In spite of performing multidisciplinary treatment, three out of 12 patients died. One of these three patients had been suffering from small cell lung cancer when NTM pleurisy occurred. Since the patient's general condition was poor, surgery was not indicated; the coexistence of pneumothorax, NTM pleurisy and lung cancer let to fatal respiratory failure in that case. The other two patients who died were on medication for chronic refractory pulmonary NTM infection; the response to the medication was poor, and they developed NTM pleurisy. Surgery was performed on one patient, but it was not indicated for the other. Eventually, both died of progressive respiratory failure.

Discussion

Although pleurisy is an uncommon complication of pulmonary NTM disease (9-12), it has become a clinical concern because of the increasing prevalence of NTM disease. During the 13-year study period at our hospital, NTM was isolated from PEs in 14 patients.
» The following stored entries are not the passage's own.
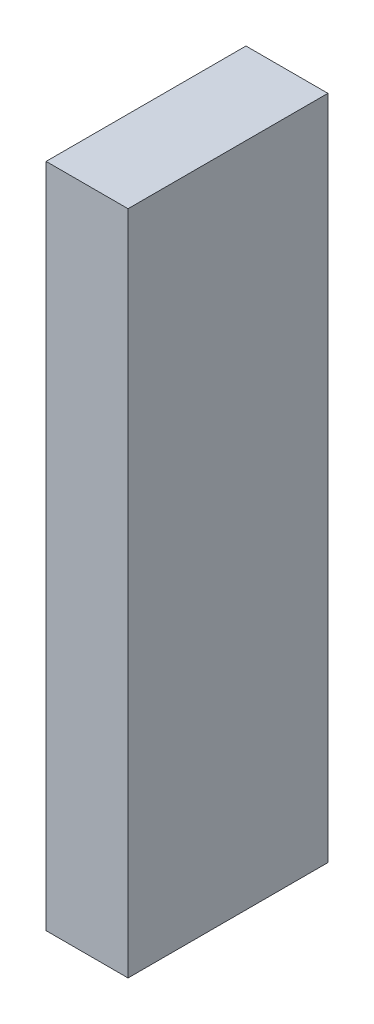
ISO-10303-21;
HEADER;
FILE_DESCRIPTION(('STEP AP214'),'2;1');
FILE_NAME('part.step','',(''),(''),'','','');
FILE_SCHEMA(('AUTOMOTIVE_DESIGN { 1 0 10303 214 1 1 1 1 }'));
ENDSEC;
DATA;
#1=APPLICATION_CONTEXT('core data for automotive mechanical design processes');
#2=APPLICATION_PROTOCOL_DEFINITION('international standard','automotive_design',2000,#1);
#3=PRODUCT_CONTEXT('',#1,'mechanical');
#4=PRODUCT('Part','Part','',(#3));
#5=PRODUCT_RELATED_PRODUCT_CATEGORY('part','',(#4));
#6=PRODUCT_DEFINITION_FORMATION('','',#4);
#7=PRODUCT_DEFINITION_CONTEXT('part definition',#1,'design');
#8=PRODUCT_DEFINITION('design','',#6,#7);
#9=PRODUCT_DEFINITION_SHAPE('','',#8);
#10=(LENGTH_UNIT() NAMED_UNIT(*) SI_UNIT(.MILLI.,.METRE.));
#11=(NAMED_UNIT(*) PLANE_ANGLE_UNIT() SI_UNIT($,.RADIAN.));
#12=(NAMED_UNIT(*) SI_UNIT($,.STERADIAN.) SOLID_ANGLE_UNIT());
#13=UNCERTAINTY_MEASURE_WITH_UNIT(LENGTH_MEASURE(1.E-05),#10,'distance_accuracy_value','');
#14=(GEOMETRIC_REPRESENTATION_CONTEXT(3) GLOBAL_UNCERTAINTY_ASSIGNED_CONTEXT((#13)) GLOBAL_UNIT_ASSIGNED_CONTEXT((#10,
#11,#12)) REPRESENTATION_CONTEXT('',''));
#15=CARTESIAN_POINT('',(0.,0.,0.));
#16=DIRECTION('',(0.,0.,1.));
#17=DIRECTION('',(1.,0.,0.));
#18=AXIS2_PLACEMENT_3D('',#15,#16,#17);
#19=CARTESIAN_POINT('',(6.23,0.,1.5));
#20=DIRECTION('',(0.,-1.,0.));
#21=DIRECTION('',(1.,0.,0.));
#22=AXIS2_PLACEMENT_3D('',#19,#20,#21);
#23=PLANE('',#22);
#24=DIRECTION('',(0.,0.,1.));
#25=VECTOR('',#24,1.);
#26=CARTESIAN_POINT('',(5.,0.,1.5));
#27=LINE('',#26,#25);
#28=CARTESIAN_POINT('',(5.,0.,-1.5));
#29=VERTEX_POINT('',#28);
#30=CARTESIAN_POINT('',(5.,0.,1.5));
#31=VERTEX_POINT('',#30);
#32=EDGE_CURVE('E11',#29,#31,#27,.T.);
#33=ORIENTED_EDGE('',*,*,#32,.T.);
#34=DIRECTION('',(-1.,0.,0.));
#35=VECTOR('',#34,1.);
#36=CARTESIAN_POINT('',(6.23,0.,1.5));
#37=LINE('',#36,#35);
#38=CARTESIAN_POINT('',(6.23,0.,1.5));
#39=VERTEX_POINT('',#38);
#40=EDGE_CURVE('E25',#39,#31,#37,.T.);
#41=ORIENTED_EDGE('',*,*,#40,.F.);
#42=DIRECTION('',(0.,0.,1.));
#43=VECTOR('',#42,1.);
#44=CARTESIAN_POINT('',(6.23,0.,1.5));
#45=LINE('',#44,#43);
#46=CARTESIAN_POINT('',(6.23,0.,-1.5));
#47=VERTEX_POINT('',#46);
#48=EDGE_CURVE('E109',#47,#39,#45,.T.);
#49=ORIENTED_EDGE('',*,*,#48,.F.);
#50=DIRECTION('',(-1.,0.,0.));
#51=VECTOR('',#50,1.);
#52=CARTESIAN_POINT('',(6.23,0.,-1.5));
#53=LINE('',#52,#51);
#54=EDGE_CURVE('E83',#47,#29,#53,.T.);
#55=ORIENTED_EDGE('',*,*,#54,.T.);
#56=EDGE_LOOP('',(#33,#41,#49,#55));
#57=FACE_BOUND('',#56,.T.);
#58=ADVANCED_FACE('F17',(#57),#23,.F.);
#59=CARTESIAN_POINT('',(6.23,0.,1.5));
#60=DIRECTION('',(0.,0.,-1.));
#61=DIRECTION('',(0.,1.,0.));
#62=AXIS2_PLACEMENT_3D('',#59,#60,#61);
#63=PLANE('',#62);
#64=DIRECTION('',(0.,-1.,0.));
#65=VECTOR('',#64,1.);
#66=CARTESIAN_POINT('',(5.,0.,1.5));
#67=LINE('',#66,#65);
#68=CARTESIAN_POINT('',(5.,-10.,1.5));
#69=VERTEX_POINT('',#68);
#70=EDGE_CURVE('E104',#31,#69,#67,.T.);
#71=ORIENTED_EDGE('',*,*,#70,.T.);
#72=DIRECTION('',(-1.,0.,0.));
#73=VECTOR('',#72,1.);
#74=CARTESIAN_POINT('',(6.23,-10.,1.5));
#75=LINE('',#74,#73);
#76=CARTESIAN_POINT('',(6.23,-10.,1.5));
#77=VERTEX_POINT('',#76);
#78=EDGE_CURVE('E101',#77,#69,#75,.T.);
#79=ORIENTED_EDGE('',*,*,#78,.F.);
#80=DIRECTION('',(0.,-1.,0.));
#81=VECTOR('',#80,1.);
#82=CARTESIAN_POINT('',(6.23,0.,1.5));
#83=LINE('',#82,#81);
#84=EDGE_CURVE('E90',#39,#77,#83,.T.);
#85=ORIENTED_EDGE('',*,*,#84,.F.);
#86=ORIENTED_EDGE('',*,*,#40,.T.);
#87=EDGE_LOOP('',(#71,#79,#85,#86));
#88=FACE_BOUND('',#87,.T.);
#89=ADVANCED_FACE('F115',(#88),#63,.F.);
#90=CARTESIAN_POINT('',(6.23,-10.,1.5));
#91=DIRECTION('',(0.,1.,0.));
#92=DIRECTION('',(-1.,0.,0.));
#93=AXIS2_PLACEMENT_3D('',#90,#91,#92);
#94=PLANE('',#93);
#95=DIRECTION('',(0.,0.,-1.));
#96=VECTOR('',#95,1.);
#97=CARTESIAN_POINT('',(5.,-10.,1.5));
#98=LINE('',#97,#96);
#99=CARTESIAN_POINT('',(5.,-10.,-1.5));
#100=VERTEX_POINT('',#99);
#101=EDGE_CURVE('E73',#69,#100,#98,.T.);
#102=ORIENTED_EDGE('',*,*,#101,.T.);
#103=DIRECTION('',(-1.,0.,0.));
#104=VECTOR('',#103,1.);
#105=CARTESIAN_POINT('',(6.23,-10.,-1.5));
#106=LINE('',#105,#104);
#107=CARTESIAN_POINT('',(6.23,-10.,-1.5));
#108=VERTEX_POINT('',#107);
#109=EDGE_CURVE('E65',#108,#100,#106,.T.);
#110=ORIENTED_EDGE('',*,*,#109,.F.);
#111=DIRECTION('',(0.,0.,-1.));
#112=VECTOR('',#111,1.);
#113=CARTESIAN_POINT('',(6.23,-10.,1.5));
#114=LINE('',#113,#112);
#115=EDGE_CURVE('E70',#77,#108,#114,.T.);
#116=ORIENTED_EDGE('',*,*,#115,.F.);
#117=ORIENTED_EDGE('',*,*,#78,.T.);
#118=EDGE_LOOP('',(#102,#110,#116,#117));
#119=FACE_BOUND('',#118,.T.);
#120=ADVANCED_FACE('F67',(#119),#94,.F.);
#121=CARTESIAN_POINT('',(6.23,0.,-1.5));
#122=DIRECTION('',(0.,0.,1.));
#123=DIRECTION('',(0.,-1.,0.));
#124=AXIS2_PLACEMENT_3D('',#121,#122,#123);
#125=PLANE('',#124);
#126=DIRECTION('',(0.,1.,0.));
#127=VECTOR('',#126,1.);
#128=CARTESIAN_POINT('',(5.,0.,-1.5));
#129=LINE('',#128,#127);
#130=EDGE_CURVE('E87',#100,#29,#129,.T.);
#131=ORIENTED_EDGE('',*,*,#130,.T.);
#132=ORIENTED_EDGE('',*,*,#54,.F.);
#133=DIRECTION('',(0.,1.,0.));
#134=VECTOR('',#133,1.);
#135=CARTESIAN_POINT('',(6.23,0.,-1.5));
#136=LINE('',#135,#134);
#137=EDGE_CURVE('E81',#108,#47,#136,.T.);
#138=ORIENTED_EDGE('',*,*,#137,.F.);
#139=ORIENTED_EDGE('',*,*,#109,.T.);
#140=EDGE_LOOP('',(#131,#132,#138,#139));
#141=FACE_BOUND('',#140,.T.);
#142=ADVANCED_FACE('F82',(#141),#125,.F.);
#143=CARTESIAN_POINT('',(6.23,0.,0.));
#144=DIRECTION('',(-1.,0.,0.));
#145=DIRECTION('',(0.,-1.,0.));
#146=AXIS2_PLACEMENT_3D('',#143,#144,#145);
#147=PLANE('',#146);
#148=ORIENTED_EDGE('',*,*,#48,.T.);
#149=ORIENTED_EDGE('',*,*,#84,.T.);
#150=ORIENTED_EDGE('',*,*,#115,.T.);
#151=ORIENTED_EDGE('',*,*,#137,.T.);
#152=EDGE_LOOP('',(#148,#149,#150,#151));
#153=FACE_BOUND('',#152,.T.);
#154=ADVANCED_FACE('F89',(#153),#147,.F.);
#155=CARTESIAN_POINT('',(5.,0.,0.));
#156=DIRECTION('',(-1.,0.,0.));
#157=DIRECTION('',(0.,-1.,0.));
#158=AXIS2_PLACEMENT_3D('',#155,#156,#157);
#159=PLANE('',#158);
#160=ORIENTED_EDGE('',*,*,#32,.F.);
#161=ORIENTED_EDGE('',*,*,#130,.F.);
#162=ORIENTED_EDGE('',*,*,#101,.F.);
#163=ORIENTED_EDGE('',*,*,#70,.F.);
#164=EDGE_LOOP('',(#160,#161,#162,#163));
#165=FACE_BOUND('',#164,.T.);
#166=ADVANCED_FACE('F117',(#165),#159,.T.);
#167=CLOSED_SHELL('',(#58,#89,#120,#142,#154,#166));
#168=MANIFOLD_SOLID_BREP('B1',#167);
#169=ADVANCED_BREP_SHAPE_REPRESENTATION('',(#18,#168),#14);
#170=SHAPE_DEFINITION_REPRESENTATION(#9,#169);
ENDSEC;
END-ISO-10303-21;

In our study, NTM pleurisy was more common in men than in women. Furthermore, FC disease was seen slightly more frequently than NB disease. FC disease is more common in older male smokers, while NB disease more frequently occurs in middle-aged or older women with no smoking history (1). The prevalence of NB disease in Japanese women has increased in the past few decades, and it is now the most common type of pulmonary NTM disease (13, 14). However, in the present study, male patients with FC disease were more frequently seen. A male sex, the presence of systemic and/or respiratory comorbidities, and non-NB radiographical features are reported to be negative prognostic factors for pulmonary M. avium complex disease (8). These factors may overlap with the characteristics often seen in NTM pleurisy patients.

How the NTM infection reaches pleural effusion has not yet been adequately explained; however, there are two hypotheses regarding the pathway: The first hypothesized mechanism is the infiltration of the infectious pulmonary lesion; the second is the leakage of NTM bacteria from the pulmonary lesion to the thorax through perforating foci, such as those present in pneumothorax (15). In our research, 11 out of 12 patients had pneumothorax. In spite of NTM pleurisy without pneumothorax being reported (7), pneumothorax may be one of the causes of NTM pleurisy. Since cavitary lesions were often seen in our research, pulmonary NTM disease itself may sometimes cause pneumothorax, as well as underlying respiratory disease. In fact, pneumothorax due to the perforation of cavity lesions caused by NTM infection has been reported, which was also demonstrated in specimens resected by surgery (16).

Anti-NTM chemotherapy is generally associated with better outcomes for the treatment of NTM pleurisy (6). Nevertheless, cases of NTM infection that are difficult to treat medically are often seen in clinical practice and are also reported (5, 6). Since most of the patients were complicated with pneumothorax, surgery was necessary in addition to medication and thoracic drainage. According to our research, NTM pleurisy with pneumothorax tends to have a poor prognosis. For those with a poor general condition and infection due to mycobacterial species resistant to chemotherapy, NTM pleurisy and pneumothorax may be fatal. Even those with mild underlying disease may require several operations to achieve successful treatment. Therefore, timely surgery might be needed to cure NTM pleurisy with pneumothorax before the patient's condition worsens.

There are several limitations associated with this study. First, as this was a retrospective study, some clinical and laboratory records were not available. Moreover, the number of patients with NTM pleurisy may have been underestimated, since mild pleural effusion was not routinely investigated and a mycobacterial culture was not performed on every PE sample. Lastly, we studied only a small number of patients at a single institution; in order to obtain more information about NTM pleurisy, large-scale studies are needed.

Conclusion

NTM pleurisy may occur in men with a history of smoking and the radiological features of FC disease. The treatment of NTM pleurisy is especially difficult when pneumothorax is complicated. If thoracic drainage and medication are ineffective, then surgery should be considered without delay.

The authors state that they have no Conflict of Interest (COI).